[Items from a dataset]
* * *

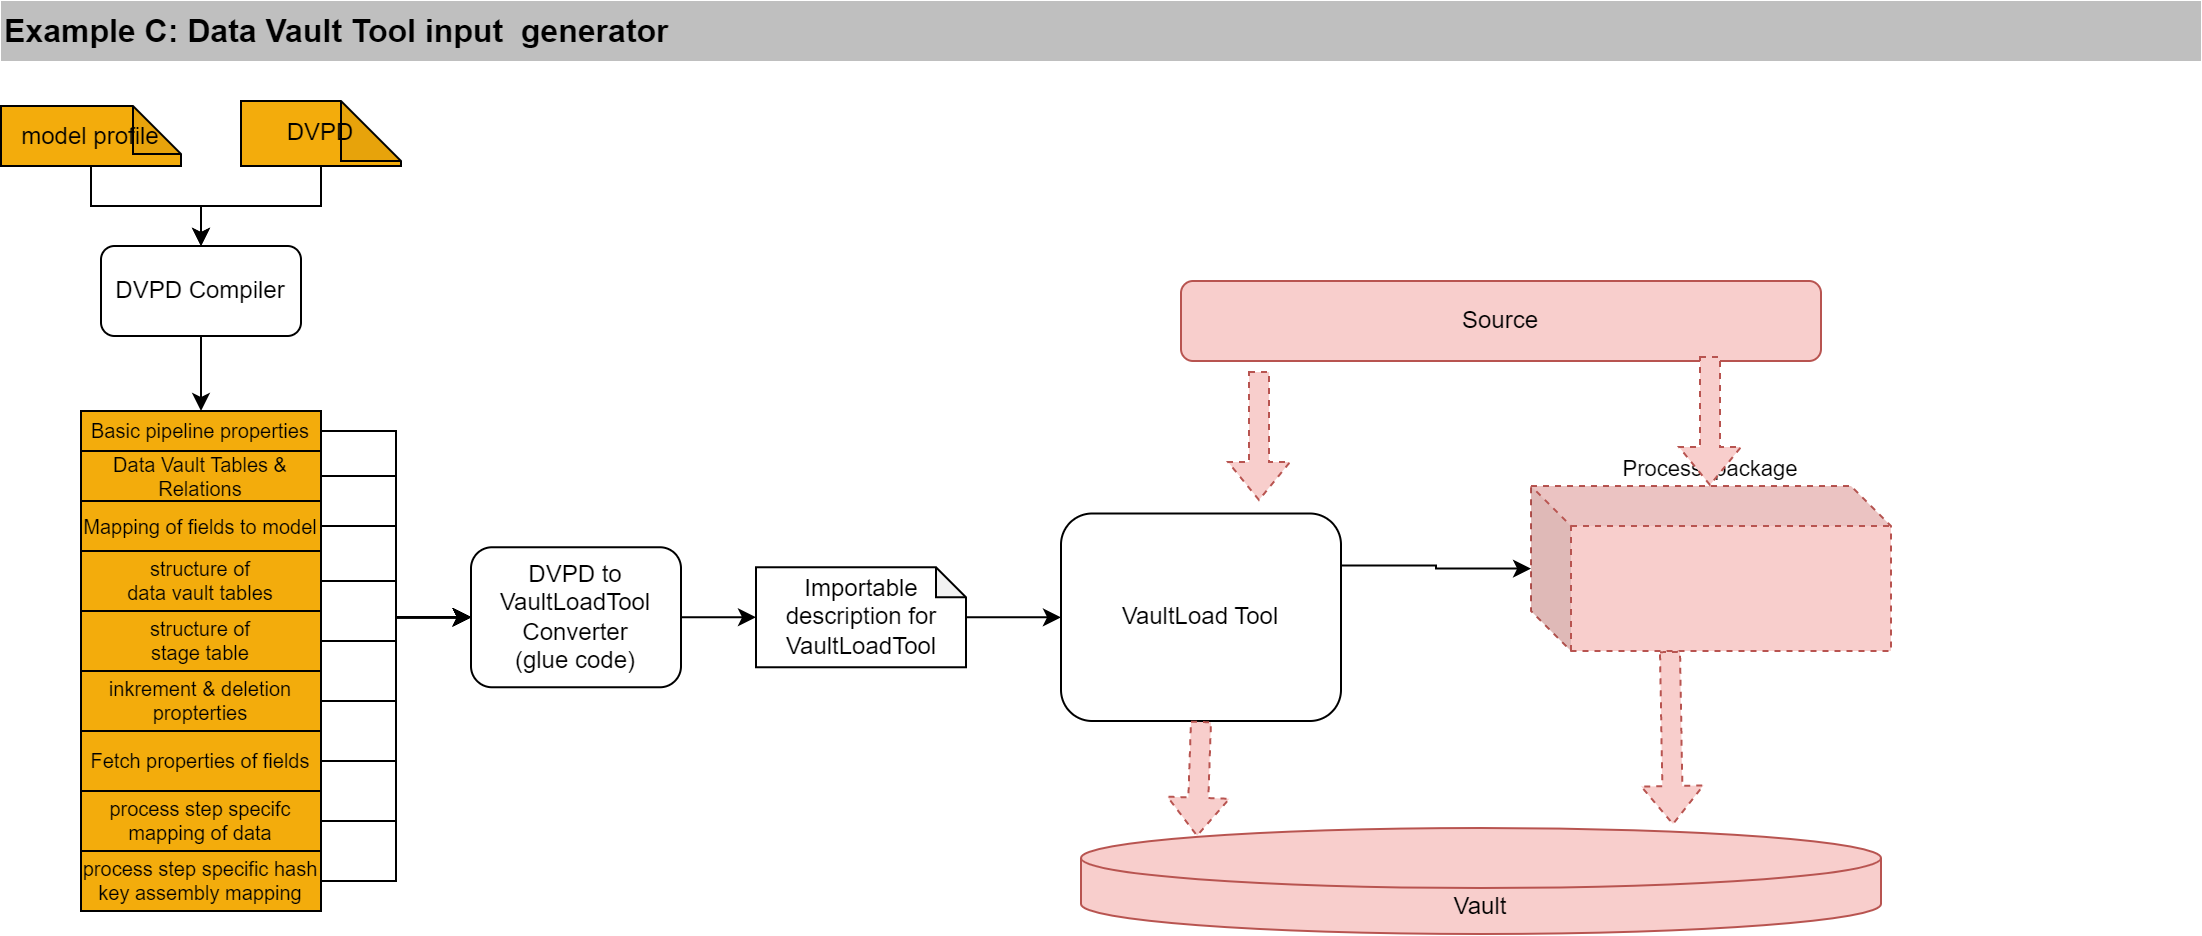

The diagram above was exported from draw.io. Its source (the exported page's mxGraphModel, read from the mxfile embedded in the PNG):
<mxGraphModel dx="1235" dy="669" grid="1" gridSize="10" guides="1" tooltips="1" connect="1" arrows="1" fold="1" page="1" pageScale="1" pageWidth="1169" pageHeight="1654" math="0" shadow="0">
  <root>
    <mxCell id="0" />
    <mxCell id="1" parent="0" />
    <mxCell id="SHAmAD_ecb-zwq3bcNpp-188" value="Example C: Data Vault Tool input&amp;nbsp; generator" style="rounded=0;whiteSpace=wrap;html=1;strokeColor=none;fillColor=#BFBFBF;fontStyle=1;align=left;fontSize=16;" parent="1" vertex="1">
      <mxGeometry x="40" y="40" width="1100" height="30" as="geometry" />
    </mxCell>
    <mxCell id="SHAmAD_ecb-zwq3bcNpp-189" style="edgeStyle=orthogonalEdgeStyle;shape=connector;rounded=0;orthogonalLoop=1;jettySize=auto;html=1;labelBackgroundColor=default;strokeColor=default;fontFamily=Helvetica;fontSize=11;fontColor=default;endArrow=classic;" parent="1" source="SHAmAD_ecb-zwq3bcNpp-190" target="SHAmAD_ecb-zwq3bcNpp-192" edge="1">
      <mxGeometry relative="1" as="geometry" />
    </mxCell>
    <mxCell id="SHAmAD_ecb-zwq3bcNpp-190" value="DVPD" style="shape=note;whiteSpace=wrap;html=1;backgroundOutline=1;darkOpacity=0.05;fillColor=#F3AC0C;gradientColor=none;" parent="1" vertex="1">
      <mxGeometry x="160" y="90" width="80" height="32.5" as="geometry" />
    </mxCell>
    <mxCell id="SHAmAD_ecb-zwq3bcNpp-191" style="edgeStyle=orthogonalEdgeStyle;shape=connector;rounded=0;orthogonalLoop=1;jettySize=auto;html=1;entryX=0.5;entryY=0;entryDx=0;entryDy=0;labelBackgroundColor=default;strokeColor=default;fontFamily=Helvetica;fontSize=11;fontColor=default;endArrow=classic;" parent="1" source="SHAmAD_ecb-zwq3bcNpp-192" target="SHAmAD_ecb-zwq3bcNpp-193" edge="1">
      <mxGeometry relative="1" as="geometry" />
    </mxCell>
    <mxCell id="SHAmAD_ecb-zwq3bcNpp-192" value="DVPD Compiler" style="rounded=1;whiteSpace=wrap;html=1;" parent="1" vertex="1">
      <mxGeometry x="90" y="162.5" width="100" height="45" as="geometry" />
    </mxCell>
    <mxCell id="SHAmAD_ecb-zwq3bcNpp-207" style="edgeStyle=orthogonalEdgeStyle;shape=connector;rounded=0;orthogonalLoop=1;jettySize=auto;html=1;entryX=0;entryY=0.5;entryDx=0;entryDy=0;labelBackgroundColor=default;strokeColor=default;fontFamily=Helvetica;fontSize=10;fontColor=default;endArrow=classic;" parent="1" source="SHAmAD_ecb-zwq3bcNpp-193" target="SHAmAD_ecb-zwq3bcNpp-206" edge="1">
      <mxGeometry relative="1" as="geometry" />
    </mxCell>
    <mxCell id="SHAmAD_ecb-zwq3bcNpp-193" value="Basic pipeline properties" style="rounded=0;whiteSpace=wrap;html=1;fillColor=#F3AC0C;gradientColor=none;fontSize=10;" parent="1" vertex="1">
      <mxGeometry x="80" y="245" width="120" height="20" as="geometry" />
    </mxCell>
    <mxCell id="SHAmAD_ecb-zwq3bcNpp-212" style="edgeStyle=orthogonalEdgeStyle;shape=connector;rounded=0;orthogonalLoop=1;jettySize=auto;html=1;labelBackgroundColor=default;strokeColor=default;fontFamily=Helvetica;fontSize=10;fontColor=default;endArrow=classic;" parent="1" source="SHAmAD_ecb-zwq3bcNpp-194" target="SHAmAD_ecb-zwq3bcNpp-206" edge="1">
      <mxGeometry relative="1" as="geometry" />
    </mxCell>
    <mxCell id="SHAmAD_ecb-zwq3bcNpp-194" value="inkrement &amp;amp; deletion propterties" style="rounded=0;whiteSpace=wrap;html=1;fillColor=#F3AC0C;gradientColor=none;fontSize=10;" parent="1" vertex="1">
      <mxGeometry x="80" y="375" width="120" height="30" as="geometry" />
    </mxCell>
    <mxCell id="SHAmAD_ecb-zwq3bcNpp-210" style="edgeStyle=orthogonalEdgeStyle;shape=connector;rounded=0;orthogonalLoop=1;jettySize=auto;html=1;entryX=0;entryY=0.5;entryDx=0;entryDy=0;labelBackgroundColor=default;strokeColor=default;fontFamily=Helvetica;fontSize=10;fontColor=default;endArrow=classic;" parent="1" source="SHAmAD_ecb-zwq3bcNpp-196" target="SHAmAD_ecb-zwq3bcNpp-206" edge="1">
      <mxGeometry relative="1" as="geometry" />
    </mxCell>
    <mxCell id="SHAmAD_ecb-zwq3bcNpp-196" value="structure of &lt;br&gt;data vault tables" style="rounded=0;whiteSpace=wrap;html=1;fillColor=#F3AC0C;gradientColor=none;fontSize=10;" parent="1" vertex="1">
      <mxGeometry x="80" y="315" width="120" height="30" as="geometry" />
    </mxCell>
    <mxCell id="SHAmAD_ecb-zwq3bcNpp-197" style="edgeStyle=orthogonalEdgeStyle;shape=connector;rounded=0;orthogonalLoop=1;jettySize=auto;html=1;labelBackgroundColor=default;strokeColor=default;fontFamily=Helvetica;fontSize=11;fontColor=default;endArrow=classic;" parent="1" source="SHAmAD_ecb-zwq3bcNpp-198" target="SHAmAD_ecb-zwq3bcNpp-192" edge="1">
      <mxGeometry relative="1" as="geometry" />
    </mxCell>
    <mxCell id="SHAmAD_ecb-zwq3bcNpp-198" value="model profile" style="shape=note;whiteSpace=wrap;html=1;backgroundOutline=1;darkOpacity=0.05;fillColor=#F3AC0C;gradientColor=none;size=24;" parent="1" vertex="1">
      <mxGeometry x="40" y="92.5" width="90" height="30" as="geometry" />
    </mxCell>
    <mxCell id="SHAmAD_ecb-zwq3bcNpp-211" style="edgeStyle=orthogonalEdgeStyle;shape=connector;rounded=0;orthogonalLoop=1;jettySize=auto;html=1;entryX=0;entryY=0.5;entryDx=0;entryDy=0;labelBackgroundColor=default;strokeColor=default;fontFamily=Helvetica;fontSize=10;fontColor=default;endArrow=classic;" parent="1" source="SHAmAD_ecb-zwq3bcNpp-200" target="SHAmAD_ecb-zwq3bcNpp-206" edge="1">
      <mxGeometry relative="1" as="geometry" />
    </mxCell>
    <mxCell id="SHAmAD_ecb-zwq3bcNpp-200" value="structure of &lt;br&gt;stage table" style="rounded=0;whiteSpace=wrap;html=1;fillColor=#F3AC0C;gradientColor=none;fontSize=10;" parent="1" vertex="1">
      <mxGeometry x="80" y="345" width="120" height="30" as="geometry" />
    </mxCell>
    <mxCell id="SHAmAD_ecb-zwq3bcNpp-214" style="edgeStyle=orthogonalEdgeStyle;shape=connector;rounded=0;orthogonalLoop=1;jettySize=auto;html=1;entryX=0;entryY=0.5;entryDx=0;entryDy=0;labelBackgroundColor=default;strokeColor=default;fontFamily=Helvetica;fontSize=10;fontColor=default;endArrow=classic;" parent="1" source="SHAmAD_ecb-zwq3bcNpp-201" target="SHAmAD_ecb-zwq3bcNpp-206" edge="1">
      <mxGeometry relative="1" as="geometry" />
    </mxCell>
    <mxCell id="SHAmAD_ecb-zwq3bcNpp-201" value="process step specifc mapping of data" style="rounded=0;whiteSpace=wrap;html=1;fillColor=#F3AC0C;gradientColor=none;fontSize=10;" parent="1" vertex="1">
      <mxGeometry x="80" y="435" width="120" height="30" as="geometry" />
    </mxCell>
    <mxCell id="SHAmAD_ecb-zwq3bcNpp-213" style="edgeStyle=orthogonalEdgeStyle;shape=connector;rounded=0;orthogonalLoop=1;jettySize=auto;html=1;entryX=0;entryY=0.5;entryDx=0;entryDy=0;labelBackgroundColor=default;strokeColor=default;fontFamily=Helvetica;fontSize=10;fontColor=default;endArrow=classic;" parent="1" source="SHAmAD_ecb-zwq3bcNpp-202" target="SHAmAD_ecb-zwq3bcNpp-206" edge="1">
      <mxGeometry relative="1" as="geometry" />
    </mxCell>
    <mxCell id="SHAmAD_ecb-zwq3bcNpp-202" value="Fetch properties of fields" style="rounded=0;whiteSpace=wrap;html=1;fillColor=#F3AC0C;gradientColor=none;fontSize=10;" parent="1" vertex="1">
      <mxGeometry x="80" y="405" width="120" height="30" as="geometry" />
    </mxCell>
    <mxCell id="SHAmAD_ecb-zwq3bcNpp-215" style="edgeStyle=orthogonalEdgeStyle;shape=connector;rounded=0;orthogonalLoop=1;jettySize=auto;html=1;entryX=0;entryY=0.5;entryDx=0;entryDy=0;labelBackgroundColor=default;strokeColor=default;fontFamily=Helvetica;fontSize=10;fontColor=default;endArrow=classic;" parent="1" source="SHAmAD_ecb-zwq3bcNpp-203" target="SHAmAD_ecb-zwq3bcNpp-206" edge="1">
      <mxGeometry relative="1" as="geometry" />
    </mxCell>
    <mxCell id="SHAmAD_ecb-zwq3bcNpp-203" value="process step specific hash key assembly mapping" style="rounded=0;whiteSpace=wrap;html=1;fillColor=#F3AC0C;gradientColor=none;fontSize=10;" parent="1" vertex="1">
      <mxGeometry x="80" y="465" width="120" height="30" as="geometry" />
    </mxCell>
    <mxCell id="SHAmAD_ecb-zwq3bcNpp-209" style="edgeStyle=orthogonalEdgeStyle;shape=connector;rounded=0;orthogonalLoop=1;jettySize=auto;html=1;entryX=0;entryY=0.5;entryDx=0;entryDy=0;labelBackgroundColor=default;strokeColor=default;fontFamily=Helvetica;fontSize=10;fontColor=default;endArrow=classic;" parent="1" source="SHAmAD_ecb-zwq3bcNpp-204" target="SHAmAD_ecb-zwq3bcNpp-206" edge="1">
      <mxGeometry relative="1" as="geometry" />
    </mxCell>
    <mxCell id="SHAmAD_ecb-zwq3bcNpp-204" value="Mapping of fields to model" style="rounded=0;whiteSpace=wrap;html=1;fillColor=#F3AC0C;gradientColor=none;fontSize=10;" parent="1" vertex="1">
      <mxGeometry x="80" y="290" width="120" height="25" as="geometry" />
    </mxCell>
    <mxCell id="SHAmAD_ecb-zwq3bcNpp-208" style="edgeStyle=orthogonalEdgeStyle;shape=connector;rounded=0;orthogonalLoop=1;jettySize=auto;html=1;entryX=0;entryY=0.5;entryDx=0;entryDy=0;labelBackgroundColor=default;strokeColor=default;fontFamily=Helvetica;fontSize=10;fontColor=default;endArrow=classic;" parent="1" source="SHAmAD_ecb-zwq3bcNpp-205" target="SHAmAD_ecb-zwq3bcNpp-206" edge="1">
      <mxGeometry relative="1" as="geometry" />
    </mxCell>
    <mxCell id="SHAmAD_ecb-zwq3bcNpp-205" value="Data Vault&amp;nbsp;Tables &amp;amp; Relations" style="rounded=0;whiteSpace=wrap;html=1;fillColor=#F3AC0C;gradientColor=none;fontSize=10;" parent="1" vertex="1">
      <mxGeometry x="80" y="265" width="120" height="25" as="geometry" />
    </mxCell>
    <mxCell id="SHAmAD_ecb-zwq3bcNpp-217" style="edgeStyle=orthogonalEdgeStyle;shape=connector;rounded=0;orthogonalLoop=1;jettySize=auto;html=1;entryX=0;entryY=0.5;entryDx=0;entryDy=0;entryPerimeter=0;labelBackgroundColor=default;strokeColor=default;fontFamily=Helvetica;fontSize=10;fontColor=default;endArrow=classic;" parent="1" source="SHAmAD_ecb-zwq3bcNpp-206" target="SHAmAD_ecb-zwq3bcNpp-216" edge="1">
      <mxGeometry relative="1" as="geometry" />
    </mxCell>
    <mxCell id="SHAmAD_ecb-zwq3bcNpp-206" value="DVPD to VaultLoadTool Converter&lt;br&gt;(glue code)" style="rounded=1;whiteSpace=wrap;html=1;" parent="1" vertex="1">
      <mxGeometry x="275" y="313.1300000000001" width="105" height="70" as="geometry" />
    </mxCell>
    <mxCell id="SHAmAD_ecb-zwq3bcNpp-219" style="edgeStyle=orthogonalEdgeStyle;shape=connector;rounded=0;orthogonalLoop=1;jettySize=auto;html=1;labelBackgroundColor=default;strokeColor=default;fontFamily=Helvetica;fontSize=10;fontColor=default;endArrow=classic;" parent="1" source="SHAmAD_ecb-zwq3bcNpp-216" target="SHAmAD_ecb-zwq3bcNpp-218" edge="1">
      <mxGeometry relative="1" as="geometry" />
    </mxCell>
    <mxCell id="SHAmAD_ecb-zwq3bcNpp-216" value="Importable&lt;br&gt;description for&lt;br&gt;VaultLoadTool" style="shape=note;whiteSpace=wrap;html=1;backgroundOutline=1;darkOpacity=0.05;size=15;" parent="1" vertex="1">
      <mxGeometry x="417.5" y="323.1300000000001" width="105" height="50" as="geometry" />
    </mxCell>
    <mxCell id="SHAmAD_ecb-zwq3bcNpp-221" style="edgeStyle=orthogonalEdgeStyle;shape=connector;rounded=0;orthogonalLoop=1;jettySize=auto;html=1;labelBackgroundColor=default;strokeColor=default;fontFamily=Helvetica;fontSize=10;fontColor=default;endArrow=classic;exitX=1;exitY=0.25;exitDx=0;exitDy=0;" parent="1" source="SHAmAD_ecb-zwq3bcNpp-218" target="SHAmAD_ecb-zwq3bcNpp-220" edge="1">
      <mxGeometry relative="1" as="geometry" />
    </mxCell>
    <mxCell id="SHAmAD_ecb-zwq3bcNpp-218" value="VaultLoad Tool" style="rounded=1;whiteSpace=wrap;html=1;" parent="1" vertex="1">
      <mxGeometry x="570" y="296.25" width="140" height="103.75" as="geometry" />
    </mxCell>
    <mxCell id="SHAmAD_ecb-zwq3bcNpp-220" value="Process&amp;nbsp; package" style="shape=cube;whiteSpace=wrap;html=1;boundedLbl=1;backgroundOutline=1;darkOpacity=0.05;darkOpacity2=0.1;fontFamily=Helvetica;fontSize=11;verticalAlign=bottom;labelPosition=center;verticalLabelPosition=top;align=center;fillColor=#f8cecc;strokeColor=#b85450;dashed=1;" parent="1" vertex="1">
      <mxGeometry x="805" y="282.5" width="180" height="82.5" as="geometry" />
    </mxCell>
    <mxCell id="SHAmAD_ecb-zwq3bcNpp-228" value="" style="shape=flexArrow;endArrow=classic;html=1;rounded=0;labelBackgroundColor=default;strokeColor=#b85450;fontFamily=Helvetica;fontSize=10;fontColor=default;exitX=0.122;exitY=1.125;exitDx=0;exitDy=0;fillColor=#f8cecc;dashed=1;exitPerimeter=0;" parent="1" source="SHAmAD_ecb-zwq3bcNpp-229" edge="1">
      <mxGeometry width="50" height="50" relative="1" as="geometry">
        <mxPoint x="897" y="225.25" as="sourcePoint" />
        <mxPoint x="669" y="290" as="targetPoint" />
      </mxGeometry>
    </mxCell>
    <mxCell id="SHAmAD_ecb-zwq3bcNpp-229" value="Source" style="rounded=1;whiteSpace=wrap;html=1;fillColor=#f8cecc;strokeColor=#b85450;" parent="1" vertex="1">
      <mxGeometry x="630" y="180" width="320" height="40" as="geometry" />
    </mxCell>
    <mxCell id="SHAmAD_ecb-zwq3bcNpp-230" value="" style="shape=flexArrow;endArrow=classic;html=1;rounded=0;labelBackgroundColor=default;strokeColor=#b85450;fontFamily=Helvetica;fontSize=10;fontColor=default;entryX=0.145;entryY=0;entryDx=0;entryDy=4.35;entryPerimeter=0;fillColor=#f8cecc;dashed=1;" parent="1" target="SHAmAD_ecb-zwq3bcNpp-231" edge="1">
      <mxGeometry width="50" height="50" relative="1" as="geometry">
        <mxPoint x="640" y="400" as="sourcePoint" />
        <mxPoint x="901.25" y="402" as="targetPoint" />
      </mxGeometry>
    </mxCell>
    <mxCell id="SHAmAD_ecb-zwq3bcNpp-231" value="Vault" style="shape=cylinder3;whiteSpace=wrap;html=1;boundedLbl=1;backgroundOutline=1;size=15;rounded=0;strokeColor=#b85450;fontFamily=Helvetica;fontSize=12;fillColor=#f8cecc;" parent="1" vertex="1">
      <mxGeometry x="580" y="453.5" width="400" height="53" as="geometry" />
    </mxCell>
    <mxCell id="SHAmAD_ecb-zwq3bcNpp-234" value="" style="shape=flexArrow;endArrow=classic;html=1;rounded=0;labelBackgroundColor=default;strokeColor=#b85450;fontFamily=Helvetica;fontSize=10;fontColor=default;exitX=0.122;exitY=1.125;exitDx=0;exitDy=0;fillColor=#f8cecc;dashed=1;exitPerimeter=0;" parent="1" edge="1">
      <mxGeometry width="50" height="50" relative="1" as="geometry">
        <mxPoint x="894.5" y="217.5" as="sourcePoint" />
        <mxPoint x="894.5" y="282.5" as="targetPoint" />
      </mxGeometry>
    </mxCell>
    <mxCell id="SHAmAD_ecb-zwq3bcNpp-235" value="" style="shape=flexArrow;endArrow=classic;html=1;rounded=0;labelBackgroundColor=default;strokeColor=#b85450;fontFamily=Helvetica;fontSize=10;fontColor=default;exitX=0.122;exitY=1.125;exitDx=0;exitDy=0;fillColor=#f8cecc;dashed=1;exitPerimeter=0;entryX=0.74;entryY=-0.028;entryDx=0;entryDy=0;entryPerimeter=0;" parent="1" target="SHAmAD_ecb-zwq3bcNpp-231" edge="1">
      <mxGeometry width="50" height="50" relative="1" as="geometry">
        <mxPoint x="874.5" y="365" as="sourcePoint" />
        <mxPoint x="874.5" y="430" as="targetPoint" />
      </mxGeometry>
    </mxCell>
  </root>
</mxGraphModel>

* * *

ACTION ITEM:
What are the lines of the data above that include the string "targetPoint"? Copy them.

WRITTEN REPLY:
        <mxPoint x="669" y="290" as="targetPoint" />
        <mxPoint x="901.25" y="402" as="targetPoint" />
        <mxPoint x="894.5" y="282.5" as="targetPoint" />
        <mxPoint x="874.5" y="430" as="targetPoint" />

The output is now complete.